* How to complete this task: Please transcribe exactly, and only, the lines of the data below between the line holding "2750 5500 2750" and the line holding "5500 3850 5500 3950", inclusive.

Extracted records:

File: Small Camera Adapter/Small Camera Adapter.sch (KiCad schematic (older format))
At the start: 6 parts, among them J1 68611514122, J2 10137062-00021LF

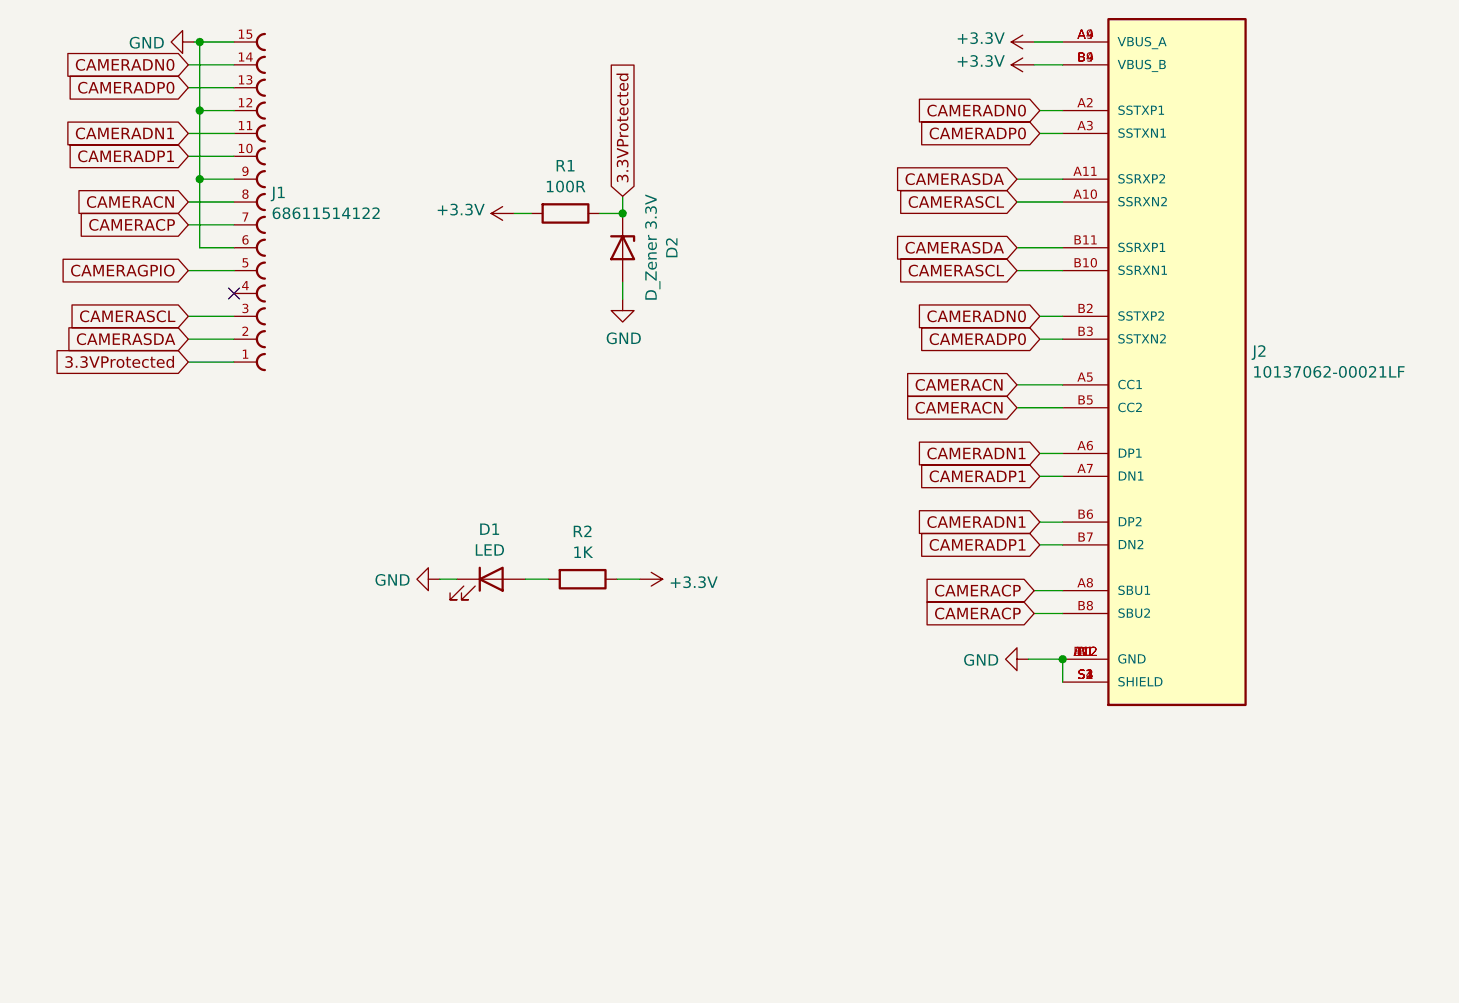
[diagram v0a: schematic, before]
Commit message: Update to camera adapter
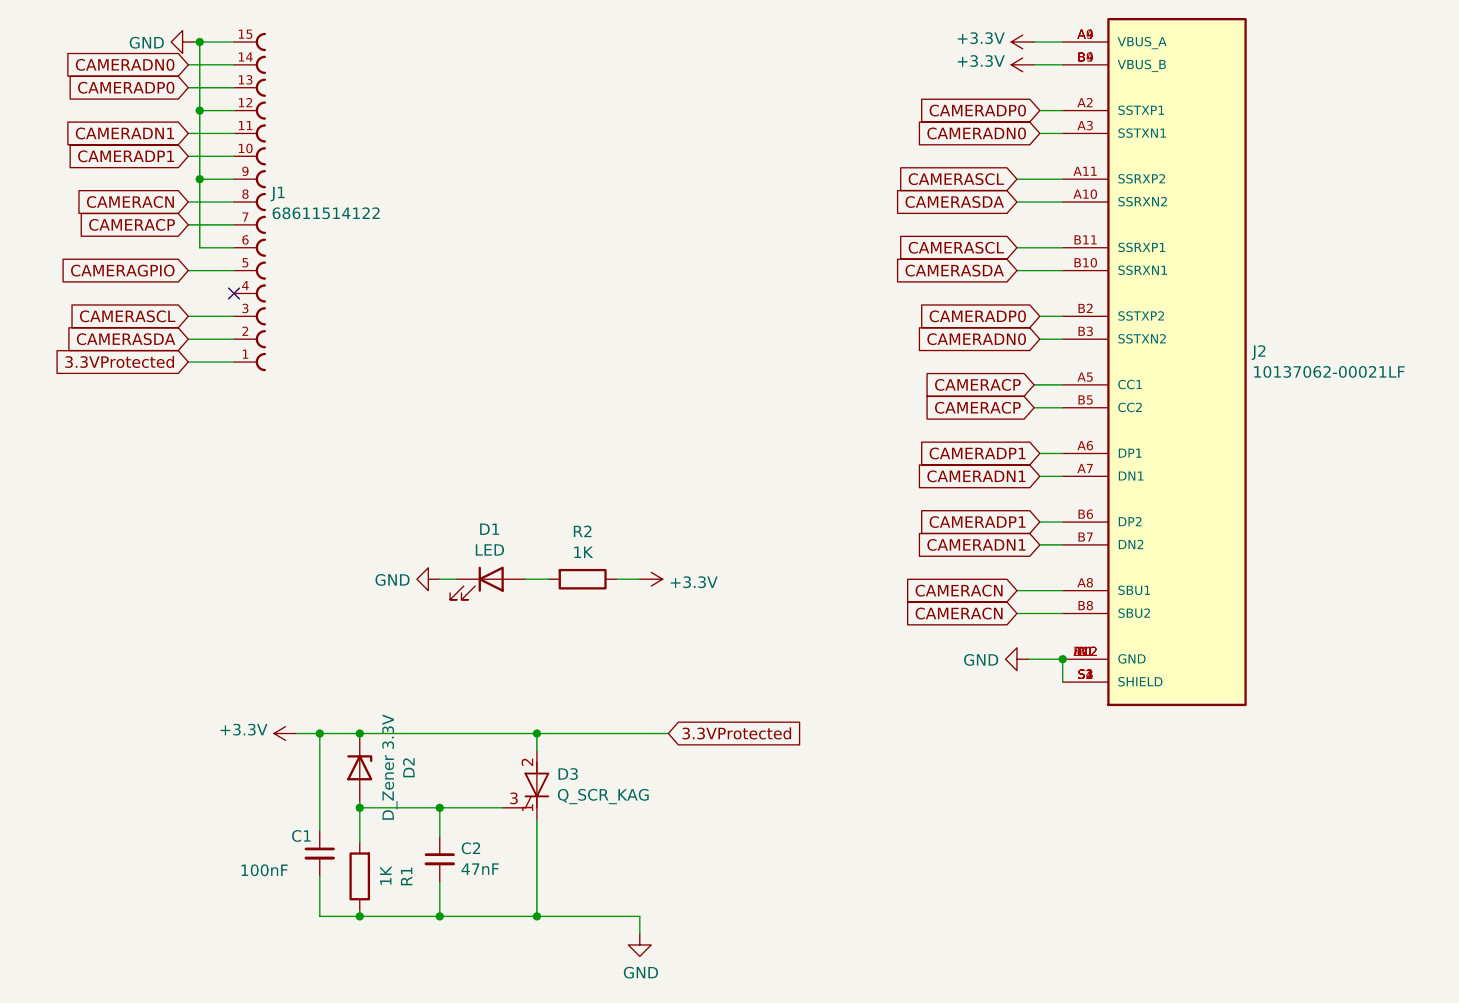
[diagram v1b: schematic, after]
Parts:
- added C1: 100nF, Capacitor_SMD:C_0805_2012Metric_Pad1.18x1.45mm_HandSolder, symbol Device:C_Small
- added C2: 47nF, Capacitor_SMD:C_0805_2012Metric_Pad1.18x1.45mm_HandSolder, symbol Device:C_Small
- added D3: Q_SCR_KAG, digikey-footprints:DPAK, symbol Device:Q_SCR_KAG
- R1: value 100R -> 1K; footprint Resistor_SMD:R_2512_6332Metric_Pad1.40x3.35mm_HandSolder -> Resistor_SMD:R_0805_2012Metric_Pad1.20x1.40mm_HandSolder
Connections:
- net +3V3: now also D2.1 (K), J1.1 (15), C1.1, D3.2 (A); no longer R1.2
- net CAMERACN: now also J2.A8 (SBU1), J2.B8 (SBU2); no longer J2.A5 (CC1), J2.B5 (CC2)
- net CAMERACP: now also J2.A5 (CC1), J2.B5 (CC2); no longer J2.A8 (SBU1), J2.B8 (SBU2)
- net CAMERADN0: now also J2.A3 (SSTXN1), J2.B3 (SSTXN2); no longer J2.A2 (SSTXP1), J2.B2 (SSTXP2)
- net CAMERADN1: now also J2.A7 (DN1), J2.B7 (DN2); no longer J2.A6 (DP1), J2.B6 (DP2)
- net CAMERADP0: now also J2.A2 (SSTXP1), J2.B2 (SSTXP2); no longer J2.A3 (SSTXN1), J2.B3 (SSTXN2)
- net CAMERADP1: now also J2.A6 (DP1), J2.B6 (DP2); no longer J2.A7 (DN1), J2.B7 (DN2)
- net CAMERASCL: now also J2.A11 (SSRXP2), J2.B11 (SSRXP1); no longer J2.A10 (SSRXN2), J2.B10 (SSRXN1)
- net CAMERASDA: now also J2.A10 (SSRXN2), J2.B10 (SSRXN1); no longer J2.A11 (SSRXP2), J2.B11 (SSRXP1)
- net GND: now also R1.1, C1.2, C2.2, D3.1 (K); no longer D2.2 (A)
- removed net 3.3VProtected: D2.1 (K), J1.1 (15), R1.1
- new net: C2.1, D2.2 (A), D3.3 (G), R1.2
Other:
- moved on the sheet: D2, R1
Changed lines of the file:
@@
-$EndComp
-$Comp
-L Device:D_Zener D2
-U 1 1 6026D633
-P 3575 2050
-F 0 "D2" H 3575 2267 50  0000 C CNN
-F 1 "D_Zener 3.3V" H 3575 2176 50  0000 C CNN
-F 2 "Diode_SMD:D_SOD-123F" H 3575 2050 50  0001 C CNN
-F 3 "https://uk.rs-online.com/web/p/zener-diodes/8160608/" H 3575 2050 50  0001 C CNN
-	1    3575 2050
-	0    1    1    0
 $EndComp
 $Comp
@@
 L Device:R R1
 U 1 1 602704B6
-P 3325 1900
-F 0 "R1" V 3118 1900 50  0000 C CNN
-F 1 "100R" V 3209 1900 50  0000 C CNN
-F 2 "Resistor_SMD:R_2512_6332Metric_Pad1.40x3.35mm_HandSolder" V 3255 1900 50  0001 C CNN
-F 3 "https://uk.rs-online.com/web/p/surface-mount-fixed-resistors/7397957/" H 3325 1900 50  0001 C CNN
-	1    3325 1900
-	0    1    1    0
+P 2425 4800
+F 0 "R1" V 2218 4800 50  0000 C CNN
+F 1 "1K" V 2309 4800 50  0000 C CNN
+F 2 "Resistor_SMD:R_0805_2012Metric_Pad1.20x1.40mm_HandSolder" V 2355 4800 50  0001 C CNN
+F 3 "https://uk.rs-online.com/web/p/surface-mount-fixed-resistors/7397957/" H 2425 4800 50  0001 C CNN
+	1    2425 4800
+	-1   0    0    1
 $EndComp
 $Comp
@@
 L power:GND #PWR0105
 U 1 1 6027B84D
-P 3575 2275
-F 0 "#PWR0105" H 3575 2025 50  0001 C CNN
-F 1 "GND" H 3580 2102 50  0000 C CNN
-F 2 "" H 3575 2275 50  0001 C CNN
-F 3 "" H 3575 2275 50  0001 C CNN
-	1    3575 2275
+P 3650 5050
+F 0 "#PWR0105" H 3650 4800 50  0001 C CNN
+F 1 "GND" H 3655 4877 50  0000 C CNN
+F 2 "" H 3650 5050 50  0001 C CNN
+F 3 "" H 3650 5050 50  0001 C CNN
+	1    3650 5050
 	1    0    0    -1
 $EndComp
@@
 L power:+3.3V #PWR0106
 U 1 1 6027C000
-P 3100 1900
-F 0 "#PWR0106" H 3100 1750 50  0001 C CNN
-F 1 "+3.3V" V 3115 2028 50  0000 L CNN
-F 2 "" H 3100 1900 50  0001 C CNN
-F 3 "" H 3100 1900 50  0001 C CNN
-	1    3100 1900
+P 2150 4175
+F 0 "#PWR0106" H 2150 4025 50  0001 C CNN
+F 1 "+3.3V" V 2165 4303 50  0000 L CNN
+F 2 "" H 2150 4175 50  0001 C CNN
+F 3 "" H 2150 4175 50  0001 C CNN
+	1    2150 4175
 	0    -1   -1   0
 $EndComp
 Wire Wire Line
-	3100 1900 3175 1900
-Wire Wire Line
-	3475 1900 3575 1900
-Wire Wire Line
-	3575 2200 3575 2275
+	2150 4175 2250 4175
+Wire Wire Line
+	3650 4975 3650 5050
 Text GLabel 1675 2550 0    50   Input ~ 0
 3.3VProtected
-Text GLabel 3575 1825 1    50   Input ~ 0
+Text GLabel 3775 4175 2    50   Input ~ 0
 3.3VProtected
-Wire Wire Line
-	3575 1825 3575 1900
-Connection ~ 3575 1900
+Text GLabel 5400 1550 0    50   Input ~ 0
+CAMERADN0
 Text GLabel 5400 1450 0    50   Input ~ 0
+CAMERADP0
+Text GLabel 5400 3050 0    50   Input ~ 0
+CAMERADN1
+Text GLabel 5400 2950 0    50   Input ~ 0
+CAMERADP1
+Wire Wire Line
+	5500 1550 5400 1550
+Wire Wire Line
+	5400 1450 5500 1450
+Wire Wire Line
+	5500 3050 5400 3050
+Wire Wire Line
+	5400 2950 5500 2950
+Text GLabel 5375 2750 0    50   Input ~ 0
+CAMERACP
+Text GLabel 5300 2050 0    50   Input ~ 0
+CAMERASCL
+Text GLabel 5300 2150 0    50   Input ~ 0
+CAMERASDA
+Wire Wire Line
+	5500 2050 5300 2050
+Wire Wire Line
+	5300 2150 5500 2150
+Text GLabel 5400 3350 0    50   Input ~ 0
+CAMERADN1
+Text GLabel 5400 3250 0    50   Input ~ 0
+CAMERADP1
+Wire Wire Line
+	5500 3350 5400 3350
+Wire Wire Line
+	5400 3250 5500 3250
+Text GLabel 5400 2450 0    50   Input ~ 0
 CAMERADN0
-Text GLabel 5400 1550 0    50   Input ~ 0
+Text GLabel 5400 2350 0    50   Input ~ 0
 CAMERADP0
-Text GLabel 5400 2950 0    50   Input ~ 0
-CAMERADN1
-Text GLabel 5400 3050 0    50   Input ~ 0
-CAMERADP1
-Wire Wire Line
-	5500 1450 5400 1450
-Wire Wire Line
-	5400 1550 5500 1550
-Wire Wire Line
-	5500 2950 5400 2950
-Wire Wire Line
-	5400 3050 5500 3050
-Text GLabel 5375 3650 0    50   Input ~ 0
+Wire Wire Line
+	5500 2450 5400 2450
+Wire Wire Line
+	5400 2350 5500 2350
+Text GLabel 5375 2650 0    50   Input ~ 0
 CAMERACP
-Text GLabel 5300 2150 0    50   Input ~ 0
-CAMERASCL
-Text GLabel 5300 2050 0    50   Input ~ 0
-CAMERASDA
-Wire Wire Line
-	5500 2150 5300 2150
-Wire Wire Line
-	5300 2050 5500 2050
-Text GLabel 5400 3250 0    50   Input ~ 0
-CAMERADN1
-Text GLabel 5400 3350 0    50   Input ~ 0
-CAMERADP1
-Wire Wire Line
-	5500 3250 5400 3250
-Wire Wire Line
-	5400 3350 5500 3350
-Text GLabel 5400 2350 0    50   Input ~ 0
-CAMERADN0
-Text GLabel 5400 2450 0    50   Input ~ 0
-CAMERADP0
-Wire Wire Line
-	5500 2350 5400 2350
-Wire Wire Line
-	5400 2450 5500 2450
-Text GLabel 5375 3550 0    50   Input ~ 0
-CAMERACP
-Text GLabel 5300 2750 0    50   Input ~ 0
+Text GLabel 5300 3650 0    50   Input ~ 0
 CAMERACN
 Wire Wire Line
-	5300 2750 5500 2750
-Wire Wire Line
-	5500 3650 5375 3650
-Wire Wire Line
-	5375 3550 5500 3550
+	5300 3650 5500 3650
+Wire Wire Line
+	5500 2750 5375 2750
+Wire Wire Line
+	5375 2650 5500 2650
 $Comp
 L power:+3.3V #PWR0107
@@
 Wire Wire Line
 	5500 3850 5350 3850
-Text GLabel 5300 1750 0    50   Input ~ 0
+Text GLabel 5300 1850 0    50   Input ~ 0
 CAMERASDA
 Wire Wire Line
-	5300 1750 5500 1750
+	5300 1850 5500 1850
 $Comp
 L power:+3.3V #PWR0113
@@
 	5500 1150 5375 1150
 Wire Wire Line
-	5500 1850 5300 1850
-Text GLabel 5300 1850 0    50   Input ~ 0
+	5500 1750 5300 1750
+Text GLabel 5300 1750 0    50   Input ~ 0
 CAMERASCL
 Wire Wire Line
-	5500 2650 5300 2650
-Text GLabel 5300 2650 0    50   Input ~ 0
+	5500 3550 5300 3550
+Text GLabel 5300 3550 0    50   Input ~ 0
 CAMERACN
 $Comp
@@
 	5500 3850 5500 3950
 Connection ~ 5500 3850
+$Comp
+L Device:Q_SCR_KAG D3
+U 1 1 60304FE2
+P 3200 4400
+F 0 "D3" H 3288 4446 50  0000 L CNN
+F 1 "Q_SCR_KAG" H 3288 4355 50  0000 L CNN
+F 2 "digikey-footprints:DPAK" V 3200 4400 50  0001 C CNN
+F 3 "~" V 3200 4400 50  0001 C CNN
+	1    3200 4400
+	1    0    0    -1
+$EndComp
+Wire Wire Line
+	3050 4500 2775 4500
+Wire Wire Line
+	2425 4500 2425 4475
+Wire Wire Line
+	2425 4500 2425 4650
+Connection ~ 2425 4500
+Wire Wire Line
+	2425 4175 3200 4175
+Connection ~ 2425 4175
+Wire Wire Line
+	3200 4250 3200 4175
+Wire Wire Line
+	3200 4175 3775 4175
+Wire Wire Line
+	3200 4550 3200 4975
+Wire Wire Line
+	3200 4975 3650 4975
+Wire Wire Line
+	2425 4950 2425 4975
+Wire Wire Line
+	2425 4975 2775 4975
+Connection ~ 3200 4175
+Connection ~ 3200 4975
+$Comp
+L Device:C_Small C2
+U 1 1 6031A6F9
+P 2775 4725
+F 0 "C2" H 2867 4771 50  0000 L CNN
+F 1 "47nF" H 2867 4680 50  0000 L CNN
+F 2 "Capacitor_SMD:C_0805_2012Metric_Pad1.18x1.45mm_HandSolder" H 2775 4725 50  0001 C CNN
+F 3 "~" H 2775 4725 50  0001 C CNN
+	1    2775 4725
+	1    0    0    -1
+$EndComp
+$Comp
+L Device:C_Small C1
+U 1 1 6031ADFF
+P 2250 4700
+F 0 "C1" H 2125 4775 50  0000 L CNN
+F 1 "100nF" H 1900 4625 50  0000 L CNN
+F 2 "Capacitor_SMD:C_0805_2012Metric_Pad1.18x1.45mm_HandSolder" H 2250 4700 50  0001 C CNN
+F 3 "~" H 2250 4700 50  0001 C CNN
+	1    2250 4700
+	1    0    0    -1
+$EndComp
+Wire Wire Line
+	2250 4600 2250 4175
+Connection ~ 2250 4175
+Wire Wire Line
+	2250 4175 2425 4175
+Wire Wire Line
+	2250 4800 2250 4975
+Wire Wire Line
+	2250 4975 2425 4975
+Connection ~ 2425 4975
+Wire Wire Line
+	2775 4625 2775 4500
+Connection ~ 2775 4500
+Wire Wire Line
+	2775 4500 2425 4500
+Wire Wire Line
+	2775 4825 2775 4975
+Connection ~ 2775 4975
+Wire Wire Line
+	2775 4975 3200 4975
+$Comp
+L Device:D_Zener D2
+U 1 1 6026D633
+P 2425 4325
+F 0 "D2" H 2425 4542 50  0000 C CNN
+F 1 "D_Zener 3.3V" H 2425 4451 50  0000 C CNN
+F 2 "Diode_SMD:D_SOD-123F" H 2425 4325 50  0001 C CNN
+F 3 "https://uk.rs-online.com/web/p/zener-diodes/8160608/" H 2425 4325 50  0001 C CNN
+	1    2425 4325
+	0    1    1    0
+$EndComp
 $EndSCHEMATC

* Reply to the task:
-	5300 2750 5500 2750
-Wire Wire Line
-	5500 3650 5375 3650
-Wire Wire Line
-	5375 3550 5500 3550
+	5300 3650 5500 3650
+Wire Wire Line
+	5500 2750 5375 2750
+Wire Wire Line
+	5375 2650 5500 2650
 $Comp
 L power:+3.3V #PWR0107
@@
 Wire Wire Line
 	5500 3850 5350 3850
-Text GLabel 5300 1750 0    50   Input ~ 0
+Text GLabel 5300 1850 0    50   Input ~ 0
 CAMERASDA
 Wire Wire Line
-	5300 1750 5500 1750
+	5300 1850 5500 1850
 $Comp
 L power:+3.3V #PWR0113
@@
 	5500 1150 5375 1150
 Wire Wire Line
-	5500 1850 5300 1850
-Text GLabel 5300 1850 0    50   Input ~ 0
+	5500 1750 5300 1750
+Text GLabel 5300 1750 0    50   Input ~ 0
 CAMERASCL
 Wire Wire Line
-	5500 2650 5300 2650
-Text GLabel 5300 2650 0    50   Input ~ 0
+	5500 3550 5300 3550
+Text GLabel 5300 3550 0    50   Input ~ 0
 CAMERACN
 $Comp
@@
 	5500 3850 5500 3950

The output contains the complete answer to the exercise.